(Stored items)

*** Block opens ***

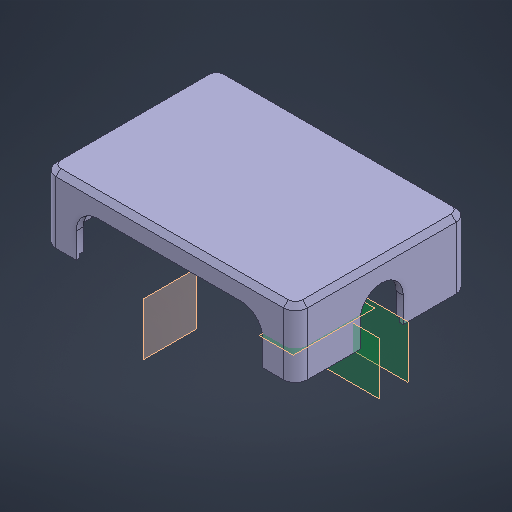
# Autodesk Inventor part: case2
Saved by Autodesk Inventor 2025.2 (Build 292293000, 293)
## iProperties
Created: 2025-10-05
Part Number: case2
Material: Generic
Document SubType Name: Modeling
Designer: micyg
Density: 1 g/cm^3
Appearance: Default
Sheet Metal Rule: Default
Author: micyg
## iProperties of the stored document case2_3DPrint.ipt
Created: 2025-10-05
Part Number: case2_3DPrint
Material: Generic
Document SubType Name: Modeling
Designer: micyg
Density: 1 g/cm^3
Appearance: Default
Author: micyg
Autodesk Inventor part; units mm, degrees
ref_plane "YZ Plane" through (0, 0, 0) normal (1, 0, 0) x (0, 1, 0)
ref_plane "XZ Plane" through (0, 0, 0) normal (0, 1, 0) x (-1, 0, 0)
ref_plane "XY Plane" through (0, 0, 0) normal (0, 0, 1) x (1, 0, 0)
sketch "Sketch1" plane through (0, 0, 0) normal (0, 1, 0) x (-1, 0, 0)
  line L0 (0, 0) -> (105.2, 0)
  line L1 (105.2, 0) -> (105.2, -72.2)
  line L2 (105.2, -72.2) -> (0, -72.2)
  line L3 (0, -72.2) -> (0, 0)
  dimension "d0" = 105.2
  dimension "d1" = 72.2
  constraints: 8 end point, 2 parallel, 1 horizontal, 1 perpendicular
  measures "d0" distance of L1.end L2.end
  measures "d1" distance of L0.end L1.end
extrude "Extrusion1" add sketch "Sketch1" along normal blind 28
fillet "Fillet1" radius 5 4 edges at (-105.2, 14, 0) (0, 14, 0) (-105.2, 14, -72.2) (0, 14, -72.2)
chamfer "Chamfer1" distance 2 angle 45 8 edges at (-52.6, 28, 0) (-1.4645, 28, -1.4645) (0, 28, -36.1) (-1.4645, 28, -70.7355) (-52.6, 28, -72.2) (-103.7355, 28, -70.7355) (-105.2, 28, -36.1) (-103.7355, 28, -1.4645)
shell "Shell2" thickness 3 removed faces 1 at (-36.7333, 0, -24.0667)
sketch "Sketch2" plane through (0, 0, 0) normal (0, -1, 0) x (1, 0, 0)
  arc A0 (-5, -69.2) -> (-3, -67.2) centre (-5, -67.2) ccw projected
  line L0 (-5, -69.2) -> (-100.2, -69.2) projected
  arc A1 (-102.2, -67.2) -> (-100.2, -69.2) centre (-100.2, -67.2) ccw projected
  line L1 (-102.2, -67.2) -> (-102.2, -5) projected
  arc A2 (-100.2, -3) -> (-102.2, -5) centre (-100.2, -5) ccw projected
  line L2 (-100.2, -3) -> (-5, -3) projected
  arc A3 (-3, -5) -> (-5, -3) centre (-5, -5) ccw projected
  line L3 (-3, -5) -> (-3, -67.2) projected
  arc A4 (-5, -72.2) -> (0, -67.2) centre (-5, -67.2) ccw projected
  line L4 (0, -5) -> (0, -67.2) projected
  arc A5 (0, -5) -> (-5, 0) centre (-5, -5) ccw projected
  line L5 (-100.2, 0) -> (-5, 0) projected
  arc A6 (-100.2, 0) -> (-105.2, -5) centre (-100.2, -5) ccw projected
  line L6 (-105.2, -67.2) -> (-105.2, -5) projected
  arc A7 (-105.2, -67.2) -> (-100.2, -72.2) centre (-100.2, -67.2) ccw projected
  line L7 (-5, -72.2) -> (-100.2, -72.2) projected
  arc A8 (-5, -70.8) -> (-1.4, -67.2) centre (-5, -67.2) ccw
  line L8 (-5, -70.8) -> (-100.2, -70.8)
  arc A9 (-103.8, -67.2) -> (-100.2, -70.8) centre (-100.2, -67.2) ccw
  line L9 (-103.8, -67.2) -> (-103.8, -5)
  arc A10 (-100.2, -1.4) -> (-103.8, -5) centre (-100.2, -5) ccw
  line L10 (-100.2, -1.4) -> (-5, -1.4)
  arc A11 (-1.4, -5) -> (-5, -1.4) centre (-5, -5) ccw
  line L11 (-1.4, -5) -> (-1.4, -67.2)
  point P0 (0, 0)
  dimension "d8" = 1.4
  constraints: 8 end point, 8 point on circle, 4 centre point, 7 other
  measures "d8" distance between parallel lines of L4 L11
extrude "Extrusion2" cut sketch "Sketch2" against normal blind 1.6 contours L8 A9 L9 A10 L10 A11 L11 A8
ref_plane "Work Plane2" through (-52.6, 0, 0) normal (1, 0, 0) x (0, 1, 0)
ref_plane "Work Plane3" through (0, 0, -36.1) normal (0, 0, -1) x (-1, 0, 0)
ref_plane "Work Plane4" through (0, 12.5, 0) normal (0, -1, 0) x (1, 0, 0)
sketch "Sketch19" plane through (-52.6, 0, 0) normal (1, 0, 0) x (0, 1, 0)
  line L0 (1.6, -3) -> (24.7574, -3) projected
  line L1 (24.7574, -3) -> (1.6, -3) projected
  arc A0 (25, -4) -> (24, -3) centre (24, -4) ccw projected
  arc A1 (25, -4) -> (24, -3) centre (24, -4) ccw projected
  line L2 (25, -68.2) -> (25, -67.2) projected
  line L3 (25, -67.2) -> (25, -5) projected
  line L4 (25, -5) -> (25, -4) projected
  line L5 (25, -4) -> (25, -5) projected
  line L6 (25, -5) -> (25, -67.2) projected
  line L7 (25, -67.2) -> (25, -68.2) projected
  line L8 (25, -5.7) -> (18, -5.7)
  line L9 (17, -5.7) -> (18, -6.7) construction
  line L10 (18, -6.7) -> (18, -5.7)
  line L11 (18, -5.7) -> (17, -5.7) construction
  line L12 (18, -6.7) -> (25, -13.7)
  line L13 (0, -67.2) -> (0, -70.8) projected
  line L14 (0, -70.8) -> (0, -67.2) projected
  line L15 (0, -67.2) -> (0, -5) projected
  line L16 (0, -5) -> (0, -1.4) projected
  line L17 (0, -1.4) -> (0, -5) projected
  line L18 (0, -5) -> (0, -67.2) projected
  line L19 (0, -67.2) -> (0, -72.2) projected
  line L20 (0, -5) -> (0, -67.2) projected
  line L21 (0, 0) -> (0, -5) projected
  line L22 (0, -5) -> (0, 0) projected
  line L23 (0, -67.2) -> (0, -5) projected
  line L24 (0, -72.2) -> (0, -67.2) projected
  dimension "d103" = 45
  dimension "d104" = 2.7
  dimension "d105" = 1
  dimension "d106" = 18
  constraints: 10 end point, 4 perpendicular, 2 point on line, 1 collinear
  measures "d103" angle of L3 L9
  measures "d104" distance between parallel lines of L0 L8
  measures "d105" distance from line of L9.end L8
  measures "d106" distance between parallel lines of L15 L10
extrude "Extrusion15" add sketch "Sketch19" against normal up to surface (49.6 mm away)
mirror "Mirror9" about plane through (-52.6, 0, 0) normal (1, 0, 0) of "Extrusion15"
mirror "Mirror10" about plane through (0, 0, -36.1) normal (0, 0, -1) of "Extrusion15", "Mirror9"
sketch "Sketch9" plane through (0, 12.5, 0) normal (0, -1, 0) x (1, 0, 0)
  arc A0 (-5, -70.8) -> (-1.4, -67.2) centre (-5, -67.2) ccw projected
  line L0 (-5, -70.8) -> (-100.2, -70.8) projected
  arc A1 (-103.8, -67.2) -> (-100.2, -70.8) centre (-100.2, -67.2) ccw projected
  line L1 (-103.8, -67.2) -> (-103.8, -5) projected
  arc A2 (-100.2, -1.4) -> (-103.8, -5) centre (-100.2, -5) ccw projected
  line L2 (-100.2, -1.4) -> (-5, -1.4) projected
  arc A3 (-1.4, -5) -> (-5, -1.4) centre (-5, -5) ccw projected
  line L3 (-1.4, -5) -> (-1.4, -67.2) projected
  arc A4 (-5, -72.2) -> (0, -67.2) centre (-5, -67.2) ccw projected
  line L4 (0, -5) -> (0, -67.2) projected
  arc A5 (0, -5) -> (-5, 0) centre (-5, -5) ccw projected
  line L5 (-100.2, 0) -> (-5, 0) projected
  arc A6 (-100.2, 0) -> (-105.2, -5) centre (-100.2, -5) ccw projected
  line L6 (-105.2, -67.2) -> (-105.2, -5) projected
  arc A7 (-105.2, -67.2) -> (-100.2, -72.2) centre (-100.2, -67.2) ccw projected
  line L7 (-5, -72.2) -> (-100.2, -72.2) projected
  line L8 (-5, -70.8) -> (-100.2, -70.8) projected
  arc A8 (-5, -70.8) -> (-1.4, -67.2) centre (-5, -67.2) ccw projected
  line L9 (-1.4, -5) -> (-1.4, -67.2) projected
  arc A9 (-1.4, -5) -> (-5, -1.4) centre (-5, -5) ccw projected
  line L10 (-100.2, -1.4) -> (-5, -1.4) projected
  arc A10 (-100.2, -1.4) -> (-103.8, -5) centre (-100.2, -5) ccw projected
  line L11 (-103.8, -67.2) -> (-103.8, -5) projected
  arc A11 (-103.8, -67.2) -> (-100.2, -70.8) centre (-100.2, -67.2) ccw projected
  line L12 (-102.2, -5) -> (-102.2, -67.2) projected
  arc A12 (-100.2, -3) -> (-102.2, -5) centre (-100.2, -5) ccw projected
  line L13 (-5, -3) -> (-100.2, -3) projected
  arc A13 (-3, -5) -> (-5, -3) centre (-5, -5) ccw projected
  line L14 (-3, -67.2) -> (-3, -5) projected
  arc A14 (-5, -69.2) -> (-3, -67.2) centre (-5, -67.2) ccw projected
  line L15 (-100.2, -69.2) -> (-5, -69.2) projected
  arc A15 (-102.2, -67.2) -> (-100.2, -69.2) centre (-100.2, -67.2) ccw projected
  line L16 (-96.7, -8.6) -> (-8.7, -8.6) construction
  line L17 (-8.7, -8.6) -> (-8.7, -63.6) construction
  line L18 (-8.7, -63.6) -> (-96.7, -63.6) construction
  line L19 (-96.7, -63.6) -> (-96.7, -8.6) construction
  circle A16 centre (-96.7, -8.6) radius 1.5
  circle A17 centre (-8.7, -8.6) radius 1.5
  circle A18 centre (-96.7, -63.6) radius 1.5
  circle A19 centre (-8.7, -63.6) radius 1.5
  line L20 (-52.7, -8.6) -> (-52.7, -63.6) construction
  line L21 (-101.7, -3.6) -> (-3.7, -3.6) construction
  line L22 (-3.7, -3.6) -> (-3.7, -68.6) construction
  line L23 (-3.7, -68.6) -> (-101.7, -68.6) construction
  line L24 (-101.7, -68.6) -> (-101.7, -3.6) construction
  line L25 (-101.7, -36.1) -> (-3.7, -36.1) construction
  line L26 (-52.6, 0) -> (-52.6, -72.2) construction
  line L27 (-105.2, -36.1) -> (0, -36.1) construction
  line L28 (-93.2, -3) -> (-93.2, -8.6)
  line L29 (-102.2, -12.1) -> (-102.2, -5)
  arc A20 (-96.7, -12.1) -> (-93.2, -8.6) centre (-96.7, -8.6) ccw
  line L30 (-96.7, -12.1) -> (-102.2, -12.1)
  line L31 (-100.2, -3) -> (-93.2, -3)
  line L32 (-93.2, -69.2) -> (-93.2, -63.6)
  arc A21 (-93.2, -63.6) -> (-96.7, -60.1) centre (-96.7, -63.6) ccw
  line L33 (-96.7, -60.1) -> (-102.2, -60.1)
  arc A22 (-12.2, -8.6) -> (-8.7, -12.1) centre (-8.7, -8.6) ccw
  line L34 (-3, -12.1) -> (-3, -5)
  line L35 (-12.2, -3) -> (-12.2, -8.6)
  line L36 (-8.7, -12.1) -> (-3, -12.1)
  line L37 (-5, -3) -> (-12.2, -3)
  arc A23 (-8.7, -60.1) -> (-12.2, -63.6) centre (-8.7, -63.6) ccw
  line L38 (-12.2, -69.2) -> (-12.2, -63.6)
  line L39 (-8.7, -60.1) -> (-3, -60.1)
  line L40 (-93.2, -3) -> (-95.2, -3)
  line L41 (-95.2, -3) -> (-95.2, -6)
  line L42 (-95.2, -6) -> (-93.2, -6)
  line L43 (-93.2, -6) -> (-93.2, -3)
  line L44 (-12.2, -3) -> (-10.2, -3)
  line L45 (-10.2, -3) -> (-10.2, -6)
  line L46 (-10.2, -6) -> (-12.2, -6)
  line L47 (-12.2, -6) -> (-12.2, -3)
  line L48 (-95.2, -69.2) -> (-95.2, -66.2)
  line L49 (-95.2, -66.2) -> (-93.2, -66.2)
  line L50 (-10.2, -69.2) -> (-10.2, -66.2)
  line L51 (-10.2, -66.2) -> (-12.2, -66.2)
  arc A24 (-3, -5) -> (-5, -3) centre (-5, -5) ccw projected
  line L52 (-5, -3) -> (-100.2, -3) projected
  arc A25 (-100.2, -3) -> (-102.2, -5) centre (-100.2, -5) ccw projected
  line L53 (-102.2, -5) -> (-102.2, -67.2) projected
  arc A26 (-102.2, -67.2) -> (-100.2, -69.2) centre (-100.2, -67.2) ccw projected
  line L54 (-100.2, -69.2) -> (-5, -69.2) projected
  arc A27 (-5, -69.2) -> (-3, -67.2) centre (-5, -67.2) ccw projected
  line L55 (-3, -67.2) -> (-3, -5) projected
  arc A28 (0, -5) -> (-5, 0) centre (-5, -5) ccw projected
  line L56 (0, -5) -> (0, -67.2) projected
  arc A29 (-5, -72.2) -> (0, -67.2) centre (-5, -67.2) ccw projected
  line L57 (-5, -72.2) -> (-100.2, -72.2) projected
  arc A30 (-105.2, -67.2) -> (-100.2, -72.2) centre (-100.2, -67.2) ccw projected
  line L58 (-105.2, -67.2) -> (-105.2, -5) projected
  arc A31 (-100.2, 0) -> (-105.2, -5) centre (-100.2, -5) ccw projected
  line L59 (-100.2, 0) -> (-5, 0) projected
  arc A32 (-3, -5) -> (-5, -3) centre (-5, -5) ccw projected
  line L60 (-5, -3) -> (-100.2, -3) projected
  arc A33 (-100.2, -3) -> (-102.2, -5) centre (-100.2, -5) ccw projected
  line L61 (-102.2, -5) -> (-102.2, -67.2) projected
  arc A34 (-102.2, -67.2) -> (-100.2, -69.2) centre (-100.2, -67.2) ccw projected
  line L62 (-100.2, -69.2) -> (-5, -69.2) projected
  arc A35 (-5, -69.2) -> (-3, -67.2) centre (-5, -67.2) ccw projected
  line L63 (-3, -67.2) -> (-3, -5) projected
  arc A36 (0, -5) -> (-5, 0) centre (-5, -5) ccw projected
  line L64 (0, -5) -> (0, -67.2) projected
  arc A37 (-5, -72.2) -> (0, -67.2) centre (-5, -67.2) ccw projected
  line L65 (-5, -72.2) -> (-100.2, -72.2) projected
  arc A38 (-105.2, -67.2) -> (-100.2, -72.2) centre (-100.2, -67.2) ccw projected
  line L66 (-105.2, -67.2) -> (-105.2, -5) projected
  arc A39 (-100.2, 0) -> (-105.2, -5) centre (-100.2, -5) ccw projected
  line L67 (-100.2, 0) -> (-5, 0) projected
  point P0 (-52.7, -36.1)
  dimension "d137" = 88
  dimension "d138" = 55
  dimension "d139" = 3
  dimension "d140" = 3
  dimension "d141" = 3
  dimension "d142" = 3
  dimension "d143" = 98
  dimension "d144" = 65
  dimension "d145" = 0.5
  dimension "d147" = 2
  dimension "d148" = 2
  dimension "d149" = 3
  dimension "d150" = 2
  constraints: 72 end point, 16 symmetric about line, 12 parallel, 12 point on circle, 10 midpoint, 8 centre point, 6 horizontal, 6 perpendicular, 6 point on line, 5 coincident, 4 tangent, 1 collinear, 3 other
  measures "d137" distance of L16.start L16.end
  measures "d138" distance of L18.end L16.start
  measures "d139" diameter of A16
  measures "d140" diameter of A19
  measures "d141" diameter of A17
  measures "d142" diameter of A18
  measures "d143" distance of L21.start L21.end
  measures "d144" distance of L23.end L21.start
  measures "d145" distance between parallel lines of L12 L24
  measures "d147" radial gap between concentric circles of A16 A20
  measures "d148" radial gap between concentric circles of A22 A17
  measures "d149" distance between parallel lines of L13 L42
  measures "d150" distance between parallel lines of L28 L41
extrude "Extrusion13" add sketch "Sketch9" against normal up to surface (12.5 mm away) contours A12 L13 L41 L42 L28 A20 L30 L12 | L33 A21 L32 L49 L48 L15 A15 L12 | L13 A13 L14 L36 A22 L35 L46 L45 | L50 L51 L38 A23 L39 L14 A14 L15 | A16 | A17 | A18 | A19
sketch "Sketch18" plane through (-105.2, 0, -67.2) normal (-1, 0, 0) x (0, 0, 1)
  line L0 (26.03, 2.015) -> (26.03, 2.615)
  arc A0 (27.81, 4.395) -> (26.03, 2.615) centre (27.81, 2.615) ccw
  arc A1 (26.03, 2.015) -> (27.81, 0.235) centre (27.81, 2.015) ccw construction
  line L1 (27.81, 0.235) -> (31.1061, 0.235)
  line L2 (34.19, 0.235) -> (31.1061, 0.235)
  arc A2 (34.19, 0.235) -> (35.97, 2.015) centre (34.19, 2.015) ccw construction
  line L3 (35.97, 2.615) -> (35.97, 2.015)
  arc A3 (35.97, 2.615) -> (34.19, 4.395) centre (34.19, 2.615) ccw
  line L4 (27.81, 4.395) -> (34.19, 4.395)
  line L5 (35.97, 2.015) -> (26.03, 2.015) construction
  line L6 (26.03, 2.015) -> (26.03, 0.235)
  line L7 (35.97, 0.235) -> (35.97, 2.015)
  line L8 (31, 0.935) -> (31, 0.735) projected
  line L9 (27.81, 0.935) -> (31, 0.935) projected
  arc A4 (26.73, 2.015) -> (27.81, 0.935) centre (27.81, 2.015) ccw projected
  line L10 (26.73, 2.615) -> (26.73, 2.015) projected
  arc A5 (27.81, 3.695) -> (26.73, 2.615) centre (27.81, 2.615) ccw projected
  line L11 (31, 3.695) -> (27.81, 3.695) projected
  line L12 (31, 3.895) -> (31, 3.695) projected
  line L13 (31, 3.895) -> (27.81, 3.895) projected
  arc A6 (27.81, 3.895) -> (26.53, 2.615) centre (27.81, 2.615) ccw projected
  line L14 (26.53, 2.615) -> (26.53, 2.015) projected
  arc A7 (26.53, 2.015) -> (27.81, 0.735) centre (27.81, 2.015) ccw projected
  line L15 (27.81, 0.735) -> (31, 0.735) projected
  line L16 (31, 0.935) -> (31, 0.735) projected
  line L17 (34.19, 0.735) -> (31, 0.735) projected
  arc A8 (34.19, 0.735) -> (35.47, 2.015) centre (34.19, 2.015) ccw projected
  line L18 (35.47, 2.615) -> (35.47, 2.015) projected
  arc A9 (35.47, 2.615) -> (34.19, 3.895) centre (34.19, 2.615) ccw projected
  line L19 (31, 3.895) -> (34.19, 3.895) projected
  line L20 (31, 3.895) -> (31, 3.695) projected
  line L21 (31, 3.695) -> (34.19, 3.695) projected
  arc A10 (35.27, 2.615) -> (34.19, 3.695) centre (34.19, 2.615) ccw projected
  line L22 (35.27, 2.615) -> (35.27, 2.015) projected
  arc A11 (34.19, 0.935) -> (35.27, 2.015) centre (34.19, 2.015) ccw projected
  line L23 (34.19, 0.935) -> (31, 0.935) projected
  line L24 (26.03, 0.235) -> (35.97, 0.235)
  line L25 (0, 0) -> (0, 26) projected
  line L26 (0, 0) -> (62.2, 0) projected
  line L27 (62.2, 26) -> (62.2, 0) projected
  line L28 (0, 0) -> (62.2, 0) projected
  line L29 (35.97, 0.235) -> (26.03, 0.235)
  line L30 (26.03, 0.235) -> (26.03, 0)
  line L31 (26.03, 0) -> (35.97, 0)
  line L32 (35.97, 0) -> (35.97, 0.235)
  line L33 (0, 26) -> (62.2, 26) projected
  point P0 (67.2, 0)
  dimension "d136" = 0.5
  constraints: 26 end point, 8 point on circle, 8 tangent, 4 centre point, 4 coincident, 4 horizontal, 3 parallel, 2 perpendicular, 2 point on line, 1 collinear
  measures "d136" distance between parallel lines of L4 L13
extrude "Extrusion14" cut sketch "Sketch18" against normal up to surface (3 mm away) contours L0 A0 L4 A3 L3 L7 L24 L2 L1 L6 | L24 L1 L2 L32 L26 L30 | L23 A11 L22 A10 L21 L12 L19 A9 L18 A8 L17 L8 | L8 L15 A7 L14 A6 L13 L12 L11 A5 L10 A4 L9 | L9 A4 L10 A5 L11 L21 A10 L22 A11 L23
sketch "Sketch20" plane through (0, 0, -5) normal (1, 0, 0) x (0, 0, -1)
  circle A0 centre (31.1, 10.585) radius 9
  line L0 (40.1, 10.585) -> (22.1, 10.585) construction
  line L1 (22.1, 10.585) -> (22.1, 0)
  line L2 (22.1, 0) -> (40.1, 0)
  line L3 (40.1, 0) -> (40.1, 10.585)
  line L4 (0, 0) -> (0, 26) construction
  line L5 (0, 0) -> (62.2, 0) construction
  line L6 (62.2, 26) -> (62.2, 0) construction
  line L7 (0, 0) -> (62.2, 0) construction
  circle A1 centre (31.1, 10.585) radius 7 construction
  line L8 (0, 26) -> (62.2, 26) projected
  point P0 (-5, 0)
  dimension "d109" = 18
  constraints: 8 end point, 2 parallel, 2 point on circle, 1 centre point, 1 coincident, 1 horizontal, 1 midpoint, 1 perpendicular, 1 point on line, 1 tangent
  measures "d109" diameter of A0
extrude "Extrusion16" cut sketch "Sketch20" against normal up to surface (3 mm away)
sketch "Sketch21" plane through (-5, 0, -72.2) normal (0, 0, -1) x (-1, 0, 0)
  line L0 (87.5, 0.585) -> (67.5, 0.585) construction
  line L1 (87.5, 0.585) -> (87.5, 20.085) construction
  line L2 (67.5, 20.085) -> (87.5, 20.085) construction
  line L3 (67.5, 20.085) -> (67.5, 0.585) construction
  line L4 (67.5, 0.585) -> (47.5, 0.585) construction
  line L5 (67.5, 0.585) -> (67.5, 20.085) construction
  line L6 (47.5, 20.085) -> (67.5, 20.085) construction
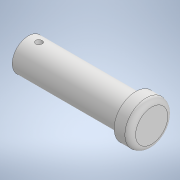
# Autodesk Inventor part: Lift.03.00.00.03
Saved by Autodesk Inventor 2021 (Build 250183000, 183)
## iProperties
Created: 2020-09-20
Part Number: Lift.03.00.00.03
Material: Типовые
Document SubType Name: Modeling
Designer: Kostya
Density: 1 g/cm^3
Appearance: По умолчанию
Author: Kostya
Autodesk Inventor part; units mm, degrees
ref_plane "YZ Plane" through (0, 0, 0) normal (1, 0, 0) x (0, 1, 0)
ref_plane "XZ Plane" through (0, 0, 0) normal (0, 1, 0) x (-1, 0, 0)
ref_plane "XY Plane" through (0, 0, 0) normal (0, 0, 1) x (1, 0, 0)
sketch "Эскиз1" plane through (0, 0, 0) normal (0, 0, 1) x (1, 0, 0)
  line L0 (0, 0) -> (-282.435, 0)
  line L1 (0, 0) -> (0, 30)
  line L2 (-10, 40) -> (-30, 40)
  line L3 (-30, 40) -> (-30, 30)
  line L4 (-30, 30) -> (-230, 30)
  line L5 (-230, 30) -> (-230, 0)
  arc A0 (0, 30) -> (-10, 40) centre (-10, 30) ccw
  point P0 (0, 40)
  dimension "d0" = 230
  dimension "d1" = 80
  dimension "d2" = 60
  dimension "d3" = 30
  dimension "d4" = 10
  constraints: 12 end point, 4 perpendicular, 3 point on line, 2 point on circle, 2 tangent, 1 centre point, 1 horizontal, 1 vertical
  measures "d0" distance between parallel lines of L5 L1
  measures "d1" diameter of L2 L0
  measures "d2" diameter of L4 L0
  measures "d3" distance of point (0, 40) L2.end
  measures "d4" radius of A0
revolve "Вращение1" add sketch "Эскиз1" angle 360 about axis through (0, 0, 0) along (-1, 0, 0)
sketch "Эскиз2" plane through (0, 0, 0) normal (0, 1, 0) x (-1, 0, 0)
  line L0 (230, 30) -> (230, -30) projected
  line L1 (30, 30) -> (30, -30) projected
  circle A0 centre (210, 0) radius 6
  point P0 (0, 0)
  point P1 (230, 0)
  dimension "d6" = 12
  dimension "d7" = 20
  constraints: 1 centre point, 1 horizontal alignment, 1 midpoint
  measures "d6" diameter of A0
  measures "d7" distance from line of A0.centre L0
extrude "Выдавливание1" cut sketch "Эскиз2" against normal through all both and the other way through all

*** Block closes ***

Task requirements>
From the records above, print exactly the lines that run from the line with "line L3 (-30, 40) -> (-30, 30)" to the line with "lines of L5 L1", inclusive.

Solution for this task>
  line L3 (-30, 40) -> (-30, 30)
  line L4 (-30, 30) -> (-230, 30)
  line L5 (-230, 30) -> (-230, 0)
  arc A0 (0, 30) -> (-10, 40) centre (-10, 30) ccw
  point P0 (0, 40)
  dimension "d0" = 230
  dimension "d1" = 80
  dimension "d2" = 60
  dimension "d3" = 30
  dimension "d4" = 10
  constraints: 12 end point, 4 perpendicular, 3 point on line, 2 point on circle, 2 tangent, 1 centre point, 1 horizontal, 1 vertical
  measures "d0" distance between parallel lines of L5 L1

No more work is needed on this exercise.